Home > Blogs > VMware CloudOps

3 Steps to Get Started with Cloud Event, Incident, and Problem Management

By Rich Benoit

Benoit-cropWe are now well entrenched in the Age of Software. Regardless of the industry, there is someone right now trying to develop software that will turn that industry on its head. Previously, companies worked with one app that had the infrastructure along with it. It was all one technology, and one vendor’s solutions. Now there are tiers all over the place, and the final solution uses multiple components and technologies, as well as virtualization. This app is a shape shifter, one that changes based on the needs of the business. When application topology is changing like this over time, it creates a major challenge for event, incident, and problem management.

Addressing that challenge involves three major steps that will affect the people, processes, and technologies involved in managing your app.

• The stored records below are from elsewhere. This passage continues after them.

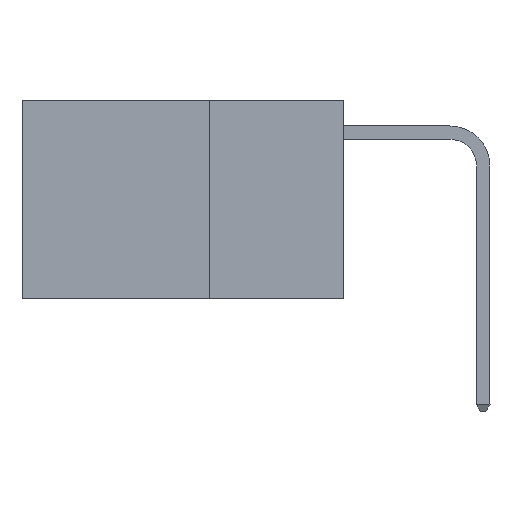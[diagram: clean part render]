
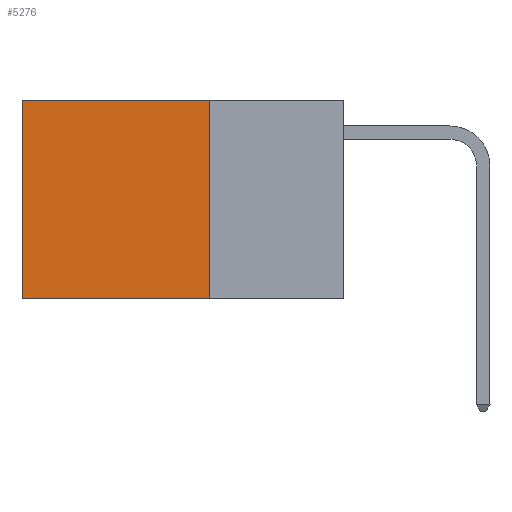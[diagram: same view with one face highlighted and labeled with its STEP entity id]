
A CAD part, left-side view. The second image highlights one B-rep face of the part: STEP entity #5276.
In plain terms, the highlighted planar face has unit normal (-1, 0, 0).
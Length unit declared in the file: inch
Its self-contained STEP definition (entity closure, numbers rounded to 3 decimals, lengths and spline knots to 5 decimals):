
#92 = VERTEX_POINT ( 'NONE', #963 ) ;
#208 = ORIENTED_EDGE ( 'NONE', *, *, #8026, .T. ) ;
#628 = CARTESIAN_POINT ( 'NONE',  ( 0.2625, 0.6, 0. ) ) ;
#775 = EDGE_CURVE ( 'NONE', #10760, #10578, #12133, .T. ) ;
#963 = CARTESIAN_POINT ( 'NONE',  ( 0.2625, 0.6, -0.37 ) ) ;
#990 = VECTOR ( 'NONE', #6915, 39.37008 ) ;
#3030 = DIRECTION ( 'NONE',  ( 0., 1., 0. ) ) ;
#3056 = EDGE_CURVE ( 'NONE', #10760, #11884, #5049, .T. ) ;
#3459 = CARTESIAN_POINT ( 'NONE',  ( 0.2625, 0.6, 0. ) ) ;
#3908 = PLANE ( 'NONE',  #6646 ) ;
#4556 = VECTOR ( 'NONE', #13160, 39.37008 ) ;
#4989 = CARTESIAN_POINT ( 'NONE',  ( 0.2625, 0.25, 0. ) ) ;
#5049 = LINE ( 'NONE', #11549, #7569 ) ;
#5141 = DIRECTION ( 'NONE',  ( 0., 0., -1. ) ) ;
#5276 = ADVANCED_FACE ( 'NONE', ( #7084 ), #3908, .F. ) ;
#5664 = CARTESIAN_POINT ( 'NONE',  ( 0.2625, 0.25, -0.37 ) ) ;
#6646 = AXIS2_PLACEMENT_3D ( 'NONE', #8746, #12415, #5141 ) ;
#6768 = EDGE_LOOP ( 'NONE', ( #208, #9239, #15612, #11398 ) ) ;
#6807 = DIRECTION ( 'NONE',  ( 0., 0., -1. ) ) ;
#6915 = DIRECTION ( 'NONE',  ( 0., 1., 0. ) ) ;
#7084 = FACE_OUTER_BOUND ( 'NONE', #6768, .T. ) ;
#7169 = CARTESIAN_POINT ( 'NONE',  ( 0.2625, 0.25, 0. ) ) ;
#7545 = LINE ( 'NONE', #5664, #990 ) ;
#7569 = VECTOR ( 'NONE', #3030, 39.37008 ) ;
#8026 = EDGE_CURVE ( 'NONE', #11884, #92, #8232, .T. ) ;
#8232 = LINE ( 'NONE', #3459, #4556 ) ;
#8746 = CARTESIAN_POINT ( 'NONE',  ( 0.2625, 0.25, 0. ) ) ;
#8956 = VECTOR ( 'NONE', #6807, 39.37008 ) ;
#9239 = ORIENTED_EDGE ( 'NONE', *, *, #11937, .F. ) ;
#10578 = VERTEX_POINT ( 'NONE', #14909 ) ;
#10760 = VERTEX_POINT ( 'NONE', #7169 ) ;
#11398 = ORIENTED_EDGE ( 'NONE', *, *, #3056, .T. ) ;
#11549 = CARTESIAN_POINT ( 'NONE',  ( 0.2625, 0.25, 0. ) ) ;
#11884 = VERTEX_POINT ( 'NONE', #628 ) ;
#11937 = EDGE_CURVE ( 'NONE', #10578, #92, #7545, .T. ) ;
#12133 = LINE ( 'NONE', #4989, #8956 ) ;
#12415 = DIRECTION ( 'NONE',  ( 1., 0., 0. ) ) ;
#13160 = DIRECTION ( 'NONE',  ( 0., 0., -1. ) ) ;
#14909 = CARTESIAN_POINT ( 'NONE',  ( 0.2625, 0.25, -0.37 ) ) ;
#15612 = ORIENTED_EDGE ( 'NONE', *, *, #775, .F. ) ;

1. Visualize with unified view
The standard approach to monitoring is often component- or silo-focused. This worked well when apps were vertical where an entire application was on one server; but with a new, more horizontal app that spans multiple devices and technologies – physical, virtual, web – you need a unified view that shows all tiers and technologies of an application. That view has to aggregate a wide range of data sources in a meaningful way, and then identify new metrics and metric sources. The rule of thumb should be that each app gets its own set of dashboards: “big screen” dashboards for the operations center that shows actionable information for event and incident management; detailed interactive dashboards that allow the application support team to drill down into their app; and management level dashboards that show a summary business view of application health and KPIs.

By leveraging these dashboards, event and incident management teams can pull up in real time to diagnose any issues that arise (see example below). Visualization is key in this approach, because it allows you to coordinate the data in a way that will actually allow for identification of events, incidents, and problems.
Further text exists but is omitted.